Task requirements — State, as a number alone, how many lines of the data contain the string "SaturateOnIntegerOverflow".

Stored data —

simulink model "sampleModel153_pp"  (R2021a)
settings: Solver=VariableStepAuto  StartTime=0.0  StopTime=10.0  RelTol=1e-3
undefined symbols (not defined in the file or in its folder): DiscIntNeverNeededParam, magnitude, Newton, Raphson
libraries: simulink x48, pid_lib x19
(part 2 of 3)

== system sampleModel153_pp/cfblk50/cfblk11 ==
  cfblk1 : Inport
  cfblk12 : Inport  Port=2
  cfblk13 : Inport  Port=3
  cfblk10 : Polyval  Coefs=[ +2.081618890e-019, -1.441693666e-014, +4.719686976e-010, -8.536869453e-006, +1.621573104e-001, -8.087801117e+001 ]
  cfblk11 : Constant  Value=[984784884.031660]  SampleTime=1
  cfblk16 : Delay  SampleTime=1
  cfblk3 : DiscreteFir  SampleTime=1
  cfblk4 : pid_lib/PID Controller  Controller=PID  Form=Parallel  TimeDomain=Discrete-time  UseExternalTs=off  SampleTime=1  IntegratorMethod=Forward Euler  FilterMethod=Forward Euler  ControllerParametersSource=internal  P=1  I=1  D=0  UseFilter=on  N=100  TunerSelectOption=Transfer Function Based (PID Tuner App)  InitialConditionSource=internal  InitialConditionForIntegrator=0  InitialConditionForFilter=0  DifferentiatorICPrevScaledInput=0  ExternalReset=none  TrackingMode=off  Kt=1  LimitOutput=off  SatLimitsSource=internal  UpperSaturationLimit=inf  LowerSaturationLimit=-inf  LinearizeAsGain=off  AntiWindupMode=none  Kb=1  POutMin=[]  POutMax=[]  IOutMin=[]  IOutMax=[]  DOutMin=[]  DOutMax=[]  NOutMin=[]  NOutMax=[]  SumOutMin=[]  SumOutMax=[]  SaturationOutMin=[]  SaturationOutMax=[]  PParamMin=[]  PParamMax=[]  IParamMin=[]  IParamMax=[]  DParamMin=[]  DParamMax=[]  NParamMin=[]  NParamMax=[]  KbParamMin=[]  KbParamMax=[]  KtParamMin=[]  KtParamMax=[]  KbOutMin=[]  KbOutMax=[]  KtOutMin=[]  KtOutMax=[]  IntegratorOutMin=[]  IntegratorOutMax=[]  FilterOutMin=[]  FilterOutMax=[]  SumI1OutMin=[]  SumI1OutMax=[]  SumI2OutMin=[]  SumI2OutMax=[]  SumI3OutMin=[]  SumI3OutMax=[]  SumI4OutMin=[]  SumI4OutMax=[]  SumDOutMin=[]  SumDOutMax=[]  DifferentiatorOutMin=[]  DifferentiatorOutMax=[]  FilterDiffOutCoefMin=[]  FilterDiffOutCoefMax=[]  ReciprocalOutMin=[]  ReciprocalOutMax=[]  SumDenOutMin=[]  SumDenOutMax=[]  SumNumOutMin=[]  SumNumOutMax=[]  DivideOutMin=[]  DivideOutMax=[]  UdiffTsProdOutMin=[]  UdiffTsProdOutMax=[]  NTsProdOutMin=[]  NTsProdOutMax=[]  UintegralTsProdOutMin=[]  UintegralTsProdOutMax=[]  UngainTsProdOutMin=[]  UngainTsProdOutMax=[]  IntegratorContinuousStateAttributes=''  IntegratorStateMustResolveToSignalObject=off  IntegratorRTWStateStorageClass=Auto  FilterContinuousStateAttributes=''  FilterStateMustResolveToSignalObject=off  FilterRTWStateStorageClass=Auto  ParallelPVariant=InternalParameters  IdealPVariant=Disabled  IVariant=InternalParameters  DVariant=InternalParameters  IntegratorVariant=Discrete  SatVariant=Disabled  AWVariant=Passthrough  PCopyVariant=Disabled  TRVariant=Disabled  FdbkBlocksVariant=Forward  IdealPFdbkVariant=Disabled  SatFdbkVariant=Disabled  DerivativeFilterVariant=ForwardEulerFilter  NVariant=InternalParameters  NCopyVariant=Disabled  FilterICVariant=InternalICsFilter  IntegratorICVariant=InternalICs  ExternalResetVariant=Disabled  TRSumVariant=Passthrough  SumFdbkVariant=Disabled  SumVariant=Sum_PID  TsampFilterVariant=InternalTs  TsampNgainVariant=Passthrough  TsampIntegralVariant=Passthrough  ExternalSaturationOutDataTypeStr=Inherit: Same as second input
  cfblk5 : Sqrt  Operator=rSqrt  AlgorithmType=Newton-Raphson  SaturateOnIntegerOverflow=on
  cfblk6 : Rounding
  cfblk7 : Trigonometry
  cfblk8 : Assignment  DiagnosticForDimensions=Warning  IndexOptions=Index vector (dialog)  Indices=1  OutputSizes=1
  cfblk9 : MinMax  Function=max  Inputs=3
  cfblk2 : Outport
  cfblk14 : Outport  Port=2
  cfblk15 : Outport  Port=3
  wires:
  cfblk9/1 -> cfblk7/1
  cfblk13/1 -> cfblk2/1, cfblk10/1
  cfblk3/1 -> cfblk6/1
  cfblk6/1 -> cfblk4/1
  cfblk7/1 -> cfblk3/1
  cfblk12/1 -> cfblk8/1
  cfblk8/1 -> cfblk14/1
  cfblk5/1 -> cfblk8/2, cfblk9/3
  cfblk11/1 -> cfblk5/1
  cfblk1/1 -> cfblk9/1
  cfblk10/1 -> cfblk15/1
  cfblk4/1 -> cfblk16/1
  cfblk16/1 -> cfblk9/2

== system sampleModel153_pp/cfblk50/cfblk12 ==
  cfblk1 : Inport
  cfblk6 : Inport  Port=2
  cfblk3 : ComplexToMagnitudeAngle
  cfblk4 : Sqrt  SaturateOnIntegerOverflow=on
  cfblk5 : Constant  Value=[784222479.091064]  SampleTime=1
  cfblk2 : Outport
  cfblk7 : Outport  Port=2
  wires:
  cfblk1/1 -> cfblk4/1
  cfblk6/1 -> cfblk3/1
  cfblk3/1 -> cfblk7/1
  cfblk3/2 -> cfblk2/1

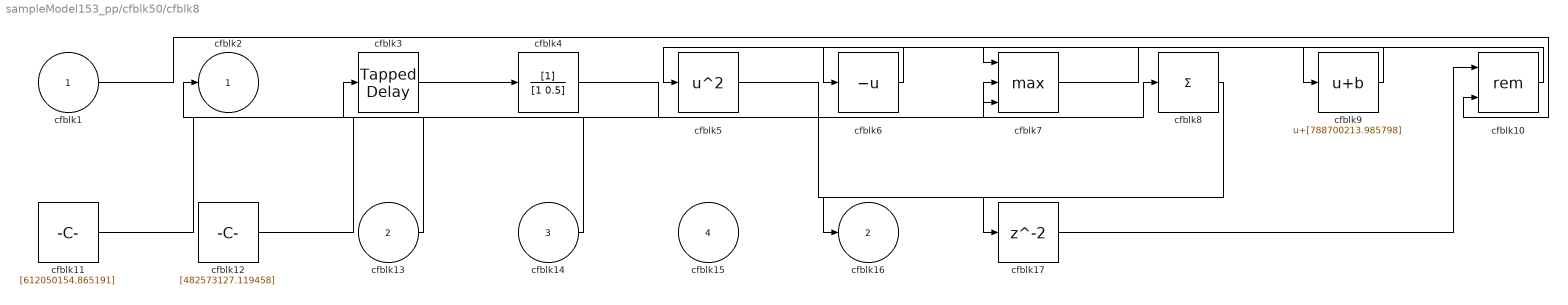
== system sampleModel153_pp/cfblk50/cfblk8 ==
  cfblk1 : Inport
  cfblk13 : Inport  Port=2
  cfblk14 : Inport  Port=3
  cfblk15 : Inport  Port=4
  cfblk10 : Math  Operator=rem  SaturateOnIntegerOverflow=on
  cfblk11 : Constant  Value=[612050154.865191]  SampleTime=1
  cfblk12 : Constant  Value=[482573127.119458]  SampleTime=1
  cfblk17 : Delay  SampleTime=1
  cfblk3 : simulink/Discrete/Tapped Delay  vinit=0.0  samptime=-1  NumDelays=1  DelayOrder=Oldest  includeCurrent=off
  cfblk4 : DiscreteFilter  SampleTime=1
  cfblk5 : Math  Operator=square  SaturateOnIntegerOverflow=on
  cfblk6 : UnaryMinus
  cfblk7 : MinMax  Function=max  Inputs=3
  cfblk8 : Sum  Inputs=+
  cfblk9 : Bias  Bias=[788700213.985798]
  cfblk2 : Outport
  cfblk16 : Outport  Port=2
  wires:
  cfblk11/1 -> cfblk8/1
  cfblk6/1 -> cfblk5/1
  cfblk3/1 -> cfblk4/1
  cfblk10/1 -> cfblk7/1
  cfblk12/1 -> cfblk7/2
  cfblk8/1 -> cfblk16/1
  cfblk14/1 -> cfblk3/1
  cfblk4/1 -> cfblk7/3
  cfblk7/1 -> cfblk9/1
  cfblk9/1 -> cfblk6/1
  cfblk13/1 -> cfblk2/1
  cfblk1/1 -> cfblk10/2
  cfblk5/1 -> cfblk17/1
  cfblk17/1 -> cfblk10/1

== system sampleModel153_pp/cfblk50/cfblk9 ==
  cfblk1 : Inport
  cfblk3 : DiscreteIntegrator  ICPrevOutput=DiscIntNeverNeededParam  ICPrevScaledInput=DiscIntNeverNeededParam
  cfblk4 : Delay  ShowEnablePort=on  SampleTime=1
      settings: InputPortMap=u0,e6
  cfblk5 : DiscreteFir  SampleTime=1
  cfblk6 : DiscreteIntegrator  ICPrevOutput=DiscIntNeverNeededParam  ICPrevScaledInput=DiscIntNeverNeededParam
  cfblk7 : PermuteDimensions
  cfblk8 : Delay  SampleTime=1
  cfblk2 : Outport
  wires:
  cfblk5/1 -> cfblk2/1
  cfblk4/1 -> cfblk3/1
  cfblk7/1 -> cfblk4/1
  cfblk1/1 -> cfblk7/1
  cfblk6/1 -> cfblk5/1, cfblk8/1
  cfblk3/1 -> cfblk6/1
  cfblk8/1 -> cfblk4/2

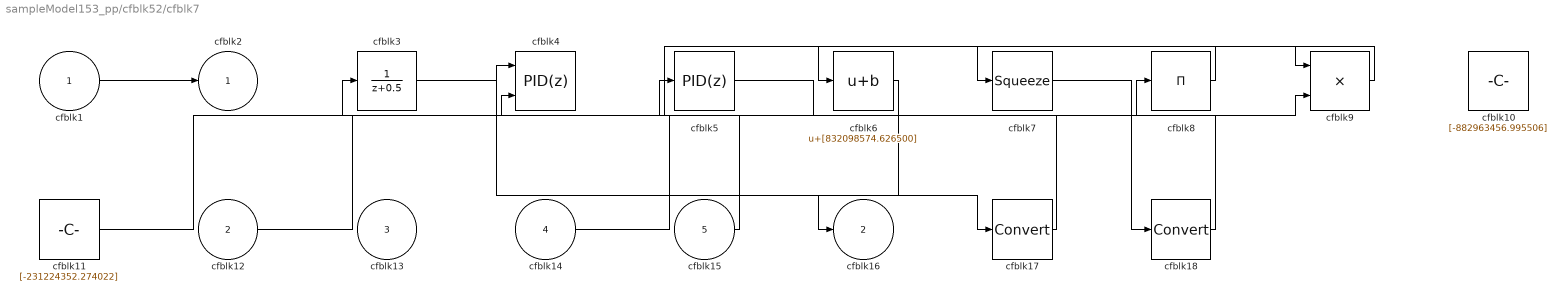
== system sampleModel153_pp/cfblk52/cfblk7 ==
  cfblk1 : Inport
  cfblk12 : Inport  Port=2
  cfblk13 : Inport  Port=3
  cfblk14 : Inport  Port=4
  cfblk15 : Inport  Port=5
  cfblk10 : Constant  Value=[-882963456.995506]  SampleTime=1
  cfblk11 : Constant  Value=[-231224352.274022]  SampleTime=1
  cfblk17 : DataTypeConversion
  cfblk18 : DataTypeConversion
  cfblk3 : DiscreteTransferFcn  SampleTime=1
  cfblk4 : pid_lib/PID Controller (2DOF)  Controller=PID  Form=Parallel  TimeDomain=Discrete-time  UseExternalTs=off  SampleTime=1  IntegratorMethod=Forward Euler  FilterMethod=Forward Euler  ControllerParametersSource=internal  P=1  I=1  D=0  UseFilter=on  N=100  b=1  c=1  TunerSelectOption=Transfer Function Based (PID Tuner App)  InitialConditionSource=internal  InitialConditionForIntegrator=0  InitialConditionForFilter=0  DifferentiatorICPrevScaledInput=0  ExternalReset=none  TrackingMode=off  Kt=1  LimitOutput=off  SatLimitsSource=internal  UpperSaturationLimit=inf  LowerSaturationLimit=-inf  LinearizeAsGain=off  AntiWindupMode=none  Kb=1  POutMin=[]  POutMax=[]  IOutMin=[]  IOutMax=[]  DOutMin=[]  DOutMax=[]  NOutMin=[]  NOutMax=[]  bOutMin=[]  bOutMax=[]  cOutMin=[]  cOutMax=[]  SumOutMin=[]  SumOutMax=[]  SaturationOutMin=[]  SaturationOutMax=[]  PParamMin=[]  PParamMax=[]  IParamMin=[]  IParamMax=[]  DParamMin=[]  DParamMax=[]  NParamMin=[]  NParamMax=[]  bParamMin=[]  bParamMax=[]  cParamMin=[]  cParamMax=[]  KbParamMin=[]  KbParamMax=[]  KtParamMin=[]  KtParamMax=[]  KbOutMin=[]  KbOutMax=[]  KtOutMin=[]  KtOutMax=[]  IntegratorOutMin=[]  IntegratorOutMax=[]  FilterOutMin=[]  FilterOutMax=[]  SumI1OutMin=[]  SumI1OutMax=[]  SumI2OutMin=[]  SumI2OutMax=[]  SumI3OutMin=[]  SumI3OutMax=[]  SumI4OutMin=[]  SumI4OutMax=[]  SumDOutMin=[]  SumDOutMax=[]  Sum1OutMin=[]  Sum1OutMax=[]  Sum2OutMin=[]  Sum2OutMax=[]  Sum3OutMin=[]  Sum3OutMax=[]  DifferentiatorOutMin=[]  DifferentiatorOutMax=[]  FilterDiffOutCoefMin=[]  FilterDiffOutCoefMax=[]  ReciprocalOutMin=[]  ReciprocalOutMax=[]  SumDenOutMin=[]  SumDenOutMax=[]  SumNumOutMin=[]  SumNumOutMax=[]  DivideOutMin=[]  DivideOutMax=[]  UdiffTsProdOutMin=[]  UdiffTsProdOutMax=[]  NTsProdOutMin=[]  NTsProdOutMax=[]  UintegralTsProdOutMin=[]  UintegralTsProdOutMax=[]  UngainTsProdOutMin=[]  UngainTsProdOutMax=[]  IntegratorContinuousStateAttributes=''  IntegratorStateMustResolveToSignalObject=off  IntegratorRTWStateStorageClass=Auto  FilterContinuousStateAttributes=''  FilterStateMustResolveToSignalObject=off  FilterRTWStateStorageClass=Auto  ParallelPVariant=InternalParameters  IdealPVariant=Disabled  IVariant=InternalParameters  DVariant=InternalParameters  bVariant=InternalParameters  cVariant=InternalParameters  IntegratorVariant=Discrete  SatVariant=Disabled  AWVariant=Passthrough  PCopyVariant=Disabled  TRVariant=Disabled  FdbkBlocksVariant=Forward  IdealPFdbkVariant=Disabled  SatFdbkVariant=Disabled  DerivativeFilterVariant=ForwardEulerFilter  NVariant=InternalParameters  NCopyVariant=Disabled  FilterICVariant=InternalICsFilter  IntegratorICVariant=InternalICs  ExternalResetVariant=Disabled  TRSumVariant=Passthrough  SumFdbkVariant=Disabled  SumVariant=Sum_PID  TsampFilterVariant=InternalTs  TsampNgainVariant=Passthrough  TsampIntegralVariant=Passthrough  ExternalSaturationOutDataTypeStr=Inherit: Same as second input
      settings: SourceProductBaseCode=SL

Problem solution — 4